(Required work) Using the material below, print the line that contains "line L26 (32.8095, 31.3501)", the line that contains "arc A19 (48.8095, 31.3501)", and every line in between, exactly and nothing else.

(Source data)
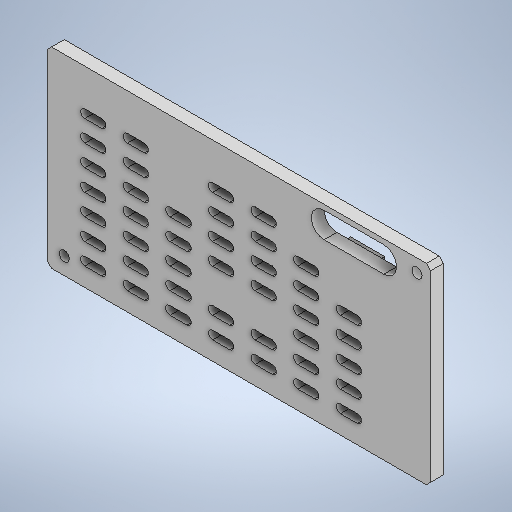
# Autodesk Inventor part: tampa final
Saved by Autodesk Inventor 2025 (Build 290162000, 162)
## iProperties
Created: 2026-04-08
Part Number: tampa final
Material: Genérico
Document SubType Name: Modeling
Designer: pedro
Density: 1 g/cm^3
Appearance: Padrão
Author: pedro
Autodesk Inventor part; units mm, degrees
ref_plane "YZ Plane" through (0, 0, 0) normal (1, 0, 0) x (0, 1, 0)
ref_plane "XZ Plane" through (0, 0, 0) normal (0, 1, 0) x (-1, 0, 0)
ref_plane "XY Plane" through (0, 0, 0) normal (0, 0, 1) x (1, 0, 0)
sketch "Esboço1" plane through (0, 0, 0) normal (0, 0, 1) x (1, 0, 0)
  line L0 (0, 0) -> (90, 0)
  line L1 (90, 0) -> (90, 45)
  line L2 (90, 45) -> (0, 45)
  line L3 (0, 45) -> (0, 0)
  dimension "d0" = 90
  dimension "d1" = 45
  constraints: 8 end point, 2 parallel, 1 horizontal, 1 perpendicular
  measures "d0" distance of L2.end L1.end
  measures "d1" distance of L1.end L0.end
extrude "Extrusão1" add sketch "Esboço1" along normal blind 3
sketch "Esboço3" plane through (0, 0, 3) normal (0, 0, 1) x (1, 0, 0)
  line L0 (0, 45) -> (0, 0) projected
  line L1 (90, 45) -> (0, 45) projected
  line L2 (63.8381, 29.7994) -> (75.2312, 29.7994)
  line L3 (8.8095, 35.3501) -> (12.8095, 35.3501) construction
  line L4 (8.8095, 34.3501) -> (12.8095, 34.3501)
  line L5 (12.8095, 36.3501) -> (8.8095, 36.3501)
  arc A0 (8.8095, 36.3501) -> (8.8095, 34.3501) centre (8.8095, 35.3501) ccw
  arc A1 (12.8095, 34.3501) -> (12.8095, 36.3501) centre (12.8095, 35.3501) ccw
  arc A2 (22.8095, 34.3501) -> (22.8095, 36.3501) centre (22.8095, 35.3501) ccw
  line L6 (18.8095, 35.3501) -> (22.8095, 35.3501) construction
  line L7 (18.8095, 34.3501) -> (22.8095, 34.3501)
  line L8 (22.8095, 36.3501) -> (18.8095, 36.3501)
  arc A3 (18.8095, 36.3501) -> (18.8095, 34.3501) centre (18.8095, 35.3501) ccw
  arc A4 (32.8095, 34.3501) -> (32.8095, 36.3501) centre (32.8095, 35.3501) ccw
  line L9 (28.8095, 35.3501) -> (32.8095, 35.3501) construction
  line L10 (28.8095, 34.3501) -> (32.8095, 34.3501)
  line L11 (32.8095, 36.3501) -> (28.8095, 36.3501)
  arc A5 (28.8095, 36.3501) -> (28.8095, 34.3501) centre (28.8095, 35.3501) ccw
  arc A6 (42.8095, 34.3501) -> (42.8095, 36.3501) centre (42.8095, 35.3501) ccw
  line L12 (38.8095, 35.3501) -> (42.8095, 35.3501) construction
  line L13 (38.8095, 34.3501) -> (42.8095, 34.3501)
  line L14 (42.8095, 36.3501) -> (38.8095, 36.3501)
  arc A7 (38.8095, 36.3501) -> (38.8095, 34.3501) centre (38.8095, 35.3501) ccw
  arc A8 (52.8095, 34.3501) -> (52.8095, 36.3501) centre (52.8095, 35.3501) ccw
  line L15 (48.8095, 35.3501) -> (52.8095, 35.3501) construction
  line L16 (48.8095, 34.3501) -> (52.8095, 34.3501)
  line L17 (52.8095, 36.3501) -> (48.8095, 36.3501)
  arc A9 (48.8095, 36.3501) -> (48.8095, 34.3501) centre (48.8095, 35.3501) ccw
  arc A10 (12.8095, 29.3501) -> (12.8095, 31.3501) centre (12.8095, 30.3501) ccw
  line L18 (8.8095, 30.3501) -> (12.8095, 30.3501) construction
  line L19 (8.8095, 29.3501) -> (12.8095, 29.3501)
  line L20 (12.8095, 31.3501) -> (8.8095, 31.3501)
  arc A11 (8.8095, 31.3501) -> (8.8095, 29.3501) centre (8.8095, 30.3501) ccw
  arc A12 (22.8095, 29.3501) -> (22.8095, 31.3501) centre (22.8095, 30.3501) ccw
  line L21 (18.8095, 30.3501) -> (22.8095, 30.3501) construction
  line L22 (18.8095, 29.3501) -> (22.8095, 29.3501)
  line L23 (22.8095, 31.3501) -> (18.8095, 31.3501)
  arc A13 (18.8095, 31.3501) -> (18.8095, 29.3501) centre (18.8095, 30.3501) ccw
  arc A14 (32.8095, 29.3501) -> (32.8095, 31.3501) centre (32.8095, 30.3501) ccw
  line L24 (28.8095, 30.3501) -> (32.8095, 30.3501) construction
  line L25 (28.8095, 29.3501) -> (32.8095, 29.3501)
  line L26 (32.8095, 31.3501) -> (28.8095, 31.3501)
  arc A15 (28.8095, 31.3501) -> (28.8095, 29.3501) centre (28.8095, 30.3501) ccw
  arc A16 (42.8095, 29.3501) -> (42.8095, 31.3501) centre (42.8095, 30.3501) ccw
  line L27 (38.8095, 30.3501) -> (42.8095, 30.3501) construction
  line L28 (38.8095, 29.3501) -> (42.8095, 29.3501)
  line L29 (42.8095, 31.3501) -> (38.8095, 31.3501)
  arc A17 (38.8095, 31.3501) -> (38.8095, 29.3501) centre (38.8095, 30.3501) ccw
  arc A18 (52.8095, 29.3501) -> (52.8095, 31.3501) centre (52.8095, 30.3501) ccw
  line L30 (48.8095, 30.3501) -> (52.8095, 30.3501) construction
  line L31 (48.8095, 29.3501) -> (52.8095, 29.3501)
  line L32 (52.8095, 31.3501) -> (48.8095, 31.3501)
  arc A19 (48.8095, 31.3501) -> (48.8095, 29.3501) centre (48.8095, 30.3501) ccw
  arc A20 (62.8095, 29.3501) -> (62.8095, 31.3501) centre (62.8095, 30.3501) ccw
  line L33 (58.8095, 30.3501) -> (62.8095, 30.3501) construction
  line L34 (58.8095, 29.3501) -> (62.8095, 29.3501)
  line L35 (62.8095, 31.3501) -> (58.8095, 31.3501)
  arc A21 (58.8095, 31.3501) -> (58.8095, 29.3501) centre (58.8095, 30.3501) ccw
  arc A22 (72.8095, 29.3501) -> (72.8095, 31.3501) centre (72.8095, 30.3501) ccw
  line L36 (68.8095, 30.3501) -> (72.8095, 30.3501) construction
  line L37 (68.8095, 29.3501) -> (72.8095, 29.3501)
  line L38 (72.8095, 31.3501) -> (68.8095, 31.3501)
  arc A23 (68.8095, 31.3501) -> (68.8095, 29.3501) centre (68.8095, 30.3501) ccw
  arc A24 (12.8095, 24.3501) -> (12.8095, 26.3501) centre (12.8095, 25.3501) ccw
  line L39 (8.8095, 25.3501) -> (12.8095, 25.3501) construction
  line L40 (8.8095, 24.3501) -> (12.8095, 24.3501)
  line L41 (12.8095, 26.3501) -> (8.8095, 26.3501)
  arc A25 (8.8095, 26.3501) -> (8.8095, 24.3501) centre (8.8095, 25.3501) ccw
  arc A26 (22.8095, 24.3501) -> (22.8095, 26.3501) centre (22.8095, 25.3501) ccw
  line L42 (18.8095, 25.3501) -> (22.8095, 25.3501) construction
  line L43 (18.8095, 24.3501) -> (22.8095, 24.3501)
  line L44 (22.8095, 26.3501) -> (18.8095, 26.3501)
  arc A27 (18.8095, 26.3501) -> (18.8095, 24.3501) centre (18.8095, 25.3501) ccw
  arc A28 (32.8095, 24.3501) -> (32.8095, 26.3501) centre (32.8095, 25.3501) ccw
  line L45 (28.8095, 25.3501) -> (32.8095, 25.3501) construction
  line L46 (28.8095, 24.3501) -> (32.8095, 24.3501)
  line L47 (32.8095, 26.3501) -> (28.8095, 26.3501)
  arc A29 (28.8095, 26.3501) -> (28.8095, 24.3501) centre (28.8095, 25.3501) ccw
  arc A30 (42.8095, 24.3501) -> (42.8095, 26.3501) centre (42.8095, 25.3501) ccw
  line L48 (38.8095, 25.3501) -> (42.8095, 25.3501) construction
  line L49 (38.8095, 24.3501) -> (42.8095, 24.3501)
  line L50 (42.8095, 26.3501) -> (38.8095, 26.3501)
  arc A31 (38.8095, 26.3501) -> (38.8095, 24.3501) centre (38.8095, 25.3501) ccw
  arc A32 (52.8095, 24.3501) -> (52.8095, 26.3501) centre (52.8095, 25.3501) ccw
  line L51 (48.8095, 25.3501) -> (52.8095, 25.3501) construction
  line L52 (48.8095, 24.3501) -> (52.8095, 24.3501)
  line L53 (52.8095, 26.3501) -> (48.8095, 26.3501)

(Your response)
  line L26 (32.8095, 31.3501) -> (28.8095, 31.3501)
  arc A15 (28.8095, 31.3501) -> (28.8095, 29.3501) centre (28.8095, 30.3501) ccw
  arc A16 (42.8095, 29.3501) -> (42.8095, 31.3501) centre (42.8095, 30.3501) ccw
  line L27 (38.8095, 30.3501) -> (42.8095, 30.3501) construction
  line L28 (38.8095, 29.3501) -> (42.8095, 29.3501)
  line L29 (42.8095, 31.3501) -> (38.8095, 31.3501)
  arc A17 (38.8095, 31.3501) -> (38.8095, 29.3501) centre (38.8095, 30.3501) ccw
  arc A18 (52.8095, 29.3501) -> (52.8095, 31.3501) centre (52.8095, 30.3501) ccw
  line L30 (48.8095, 30.3501) -> (52.8095, 30.3501) construction
  line L31 (48.8095, 29.3501) -> (52.8095, 29.3501)
  line L32 (52.8095, 31.3501) -> (48.8095, 31.3501)
  arc A19 (48.8095, 31.3501) -> (48.8095, 29.3501) centre (48.8095, 30.3501) ccw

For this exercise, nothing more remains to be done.